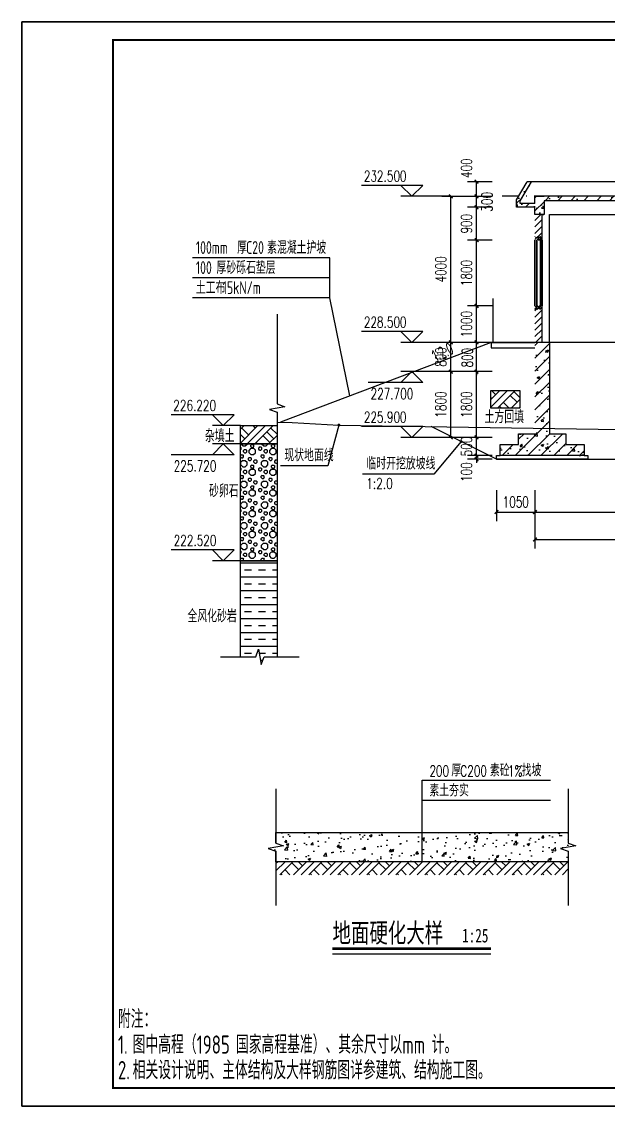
# Model space of a CAD drawing. Header units: millimetres. Extents: x -725 to 2274960, y -506 to 2980382.
# Drawn here: x 2075283 to 2091337, y 2586514 to 2616214 of the extents above; entities that cross this region are included whole.
import ezdxf

# ---------------------------------------------------------------- set-up
doc = ezdxf.new("R2010")
doc.units = ezdxf.units.MM
doc.header["$LTSCALE"] = 1000
doc.linetypes.add('DOTE', pattern=[2.42, 2, -0.2, 0.02, -0.2])
for name, color, linetype in [('DIM_ELEV', 3, 'Continuous'), ('DIM_LEAD', 3, 'Continuous'), ('DIM_SYMB', 3, 'Continuous'), ('DMX', 7, 'Continuous'), ('DOTE', 1, 'DOTE'), ('PUB_DIM', 3, 'Continuous'), ('PUB_TITLE', 4, 'Continuous'), ('TEXT_BG', 3, 'Continuous'), ('TWT_DIM', 3, 'Continuous'), ('YHG_文字', 7, 'Continuous'), ('YHJ_剖面_梁板', 4, 'Continuous'), ('YHJ_平面_砖墙', 4, 'Continuous'), ('YHJ_文字_公文、说明', 7, 'Continuous'), ('YHJ_看线', 144, 'Continuous'), ('YHJ_门窗细线', 160, 'Continuous'), ('附属构件', 6, 'Continuous')]:
    doc.layers.add(name, color=color, linetype=linetype)
doc.styles.add('_TCH_DIM', font='SIMPLEX', dxfattribs={"bigfont": 'GBCBIG'})
doc.styles.add('_TCH_DIM_T3', font='SIMPLEX', dxfattribs={"width": 0.705882, "bigfont": 'GBCBIG'})
doc.styles.add('biaotilan', font='', dxfattribs={"width": 0.7})
doc.styles.add('TSSD_Rein', font='tssdeng.shx', dxfattribs={"width": 0.7, "bigfont": 'hztxt.shx'})
doc.styles.get('biaotilan').set_extended_font_data('SimSun')
doc.dimstyles.new('_TCH_ARCH&&100', dxfattribs={"dimtxt": 297.5, "dimasz": 100, "dimexe": 250, "dimexo": 300, "dimgap": 126.25, "dimtad": 1, "dimdec": 0, "dimzin": 0, "dimdsep": 46, "dimtxsty": '_TCH_DIM_T3', "dimblk": 'ARCHTICK', "dimcen": 0.09, "dimclrt": 7, "dimazin": 2, "dimtfac": 1, "dimtdec": 0, "dimtix": 1, "dimtmove": 2, "dimatfit": 3, "dimfxl": 75, "dimtolj": 1, "dimtzin": 0, "dimarcsym": 0})
doc.dimstyles.new('_TCH_ARCH_M_M&&100', dxfattribs={"dimtxt": 297.5, "dimasz": 100, "dimexe": 250, "dimexo": 300, "dimgap": 126.25, "dimtad": 1, "dimdec": 0, "dimzin": 0, "dimdsep": 46, "dimtxsty": '_TCH_DIM_T3', "dimblk": 'ARCHTICK', "dimcen": 0.09, "dimclrt": 7, "dimazin": 2, "dimtfac": 1, "dimtdec": 0, "dimtix": 1, "dimtmove": 2, "dimatfit": 3, "dimfxl": 75, "dimtolj": 1, "dimtzin": 0, "dimarcsym": 0})
doc.dimstyles.new('_TWT_ARCH&&100', dxfattribs={"dimtxt": 297.5, "dimasz": 100, "dimexe": 250, "dimexo": 300, "dimgap": 126.25, "dimtad": 1, "dimdec": 0, "dimzin": 0, "dimdsep": 46, "dimtxsty": '_TCH_DIM_T3', "dimblk": 'ARCHTICK', "dimcen": 0.09, "dimclrt": 7, "dimazin": 2, "dimtfac": 1, "dimtdec": 0, "dimtix": 1, "dimtmove": 2, "dimatfit": 3, "dimfxl": 75, "dimtolj": 1, "dimtzin": 0, "dimarcsym": 0})
pattern_1 = [(50, (0, 0), (179.3150457, -15.688034), [18.75, -206.25]), (355, (0, 0), (-34.687833, 188.048033), [15, -165]), (100.4514, (14.94, -1.3), (144.627345, 172.3598855), [15.9350475, -175.285528]), (46.1842, (0, 50), (266.810262, -41.379754), [28.125, -309.375]), (96.6356, (22.23, 46.55), (233.665676, 243.529468), [23.902572, -262.92825]), (351.1842, (0, 50), (233.665486, 243.52965), [22.5, -247.5]), (21, (25, 37.5), (149.226763, -100.6547227), [18.75, -206.25]), (326, (25, 37.5), (60.828833, 181.287511), [15, -165]), (71.4514, (37.44, 29.11), (210.055657, 80.632624), [15.9350475, -175.285528]), (37.5, (0, 0), (3.0399638, 83.2234635), [0, -163, 0, -167.5, 0, -165.625]), (7.5, (0, 0), (65.7673844, 98.602928), [0, -95.5, 0, -159.25, 0, -63.125]), (327.5, (-55.75, 0), (133.455609, -5.638718), [0, -62.5, 0, -195, 0, -258.75]), (317.5, (-80.75, 0), (145.7965423, 25.0262456), [0, -81.25, 0, -129.5, 0, -183.75])]

# ---------------------------------------------------------------- blocks, each defined once
blk = doc.blocks.new('HAYJZ A3')
blk.add_lwpolyline([(4975, -403417), (46975, -403417), (46975, -433117), (4975, -433117), (4975, -403417)])
at = {"const_width": 50}
blk.add_lwpolyline([(7475, -403917), (46475, -403917), (46475, -432617), (7475, -432617), (7475, -403917)], dxfattribs=at)
at = {"layer": 'PUB_TITLE'}
blk.add_lwpolyline([(4975, -433117), (46975, -433117), (46975, -403417), (4975, -403417)], close=True, dxfattribs=at)
blk = doc.blocks.new('AFGASEGASGAGASDGASFASFD')
h = blk.add_hatch()
h.set_pattern_fill('混凝土', color=8, scale=25)
h.set_pattern_definition(pattern_1)
h.paths.add_polyline_path([(2087869.4, 2592316.4), (2087974.4, 2592334.9), (2087921.9, 2592354), (2087921.9, 2592425.9), (2086921.9, 2592425.9), (2086921.9, 2592225.9), (2087921.9, 2592225.9), (2087921.9, 2592297.8)])
h.paths.add_polyline_path([(2086921.9, 2592425.9), (2085921.9, 2592425.9), (2085921.9, 2592354), (2085974.4, 2592334.9), (2085869.4, 2592316.4), (2085921.9, 2592297.8), (2085921.9, 2592225.9), (2086921.9, 2592225.9)])
at = {"layer": 'YHJ_剖面_梁板'}
h = blk.add_hatch(dxfattribs=at)
h.set_pattern_fill('混凝土', color=8, scale=25)
h.set_pattern_definition(pattern_1)
edge = h.paths.add_edge_path()
edge.add_line((2085921.9, 2592354), (2085921.9, 2592425.9))
edge.add_line((2085921.9, 2592425.9), (2087921.9, 2592425.9))
edge.add_line((2087921.9, 2592425.9), (2087921.9, 2592354))
h = blk.add_hatch(dxfattribs=at)
h.set_pattern_fill('夯实土壤', color=8, scale=25)
h.set_pattern_definition([(45, (29.5, 0), (-99.348503, 99.348503), []), (45, (82, 0), (-99.348503, 99.348503), []), (45, (134.5, 0), (-99.348503, 99.348503), []), (135, (29.5, 0), (-99.348503, -99.348503), [66.25, -74.25]), (135, (55.75, 26.25), (-99.348503, -99.348503), [66.25, -74.25]), (135, (82, 52.5), (-99.348503, -99.348503), [66.25, -74.25])])
h.paths.add_polyline_path([(2085921.9, 2592225.9), (2087921.9, 2592225.9), (2087921.9, 2592137.1), (2085921.9, 2592137.1)])
at = {"layer": 'DIM_SYMB'}
for p, q in [((2086921.9, 2592646.3), (2086921.9, 2592783.7)), ((2086921.9, 2592783.7), (2087800.3, 2592783.7)), ((2086921.9, 2592225.9), (2086921.9, 2592646.3)), ((2086921.9, 2592646.3), (2087800.3, 2592646.3))]:
    blk.add_line(p, q, dxfattribs=at)
for points in [[(2085921.9, 2592725.9), (2085921.9, 2592354), (2085974.4, 2592334.9), (2085869.4, 2592316.4), (2085921.9, 2592297.8), (2085921.9, 2591925.9)], [(2087921.9, 2592725.9), (2087921.9, 2592354), (2087974.4, 2592334.9), (2087869.4, 2592316.4), (2087921.9, 2592297.8), (2087921.9, 2591925.9)]]:
    blk.add_lwpolyline(points, dxfattribs=at)
at = {"layer": 'YHJ_剖面_梁板'}
for points in [[(2085921.9, 2592354), (2085921.9, 2592425.9), (2087921.9, 2592425.9), (2087921.9, 2592354)], [(2087921.9, 2592297.8), (2087921.9, 2592225.9), (2085921.9, 2592225.9), (2085921.9, 2592297.8)]]:
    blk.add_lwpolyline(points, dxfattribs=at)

• **How to complete this task**
Transcribe, from the records above, the first line and every line after it up to and including the line with "import ezdxf"; omit pictures.

• **Problem solution**
# Model space of a CAD drawing. Header units: millimetres. Extents: x -725 to 2274960, y -506 to 2980382.
# Drawn here: x 2075283 to 2091337, y 2586514 to 2616214 of the extents above; entities that cross this region are included whole.
import ezdxf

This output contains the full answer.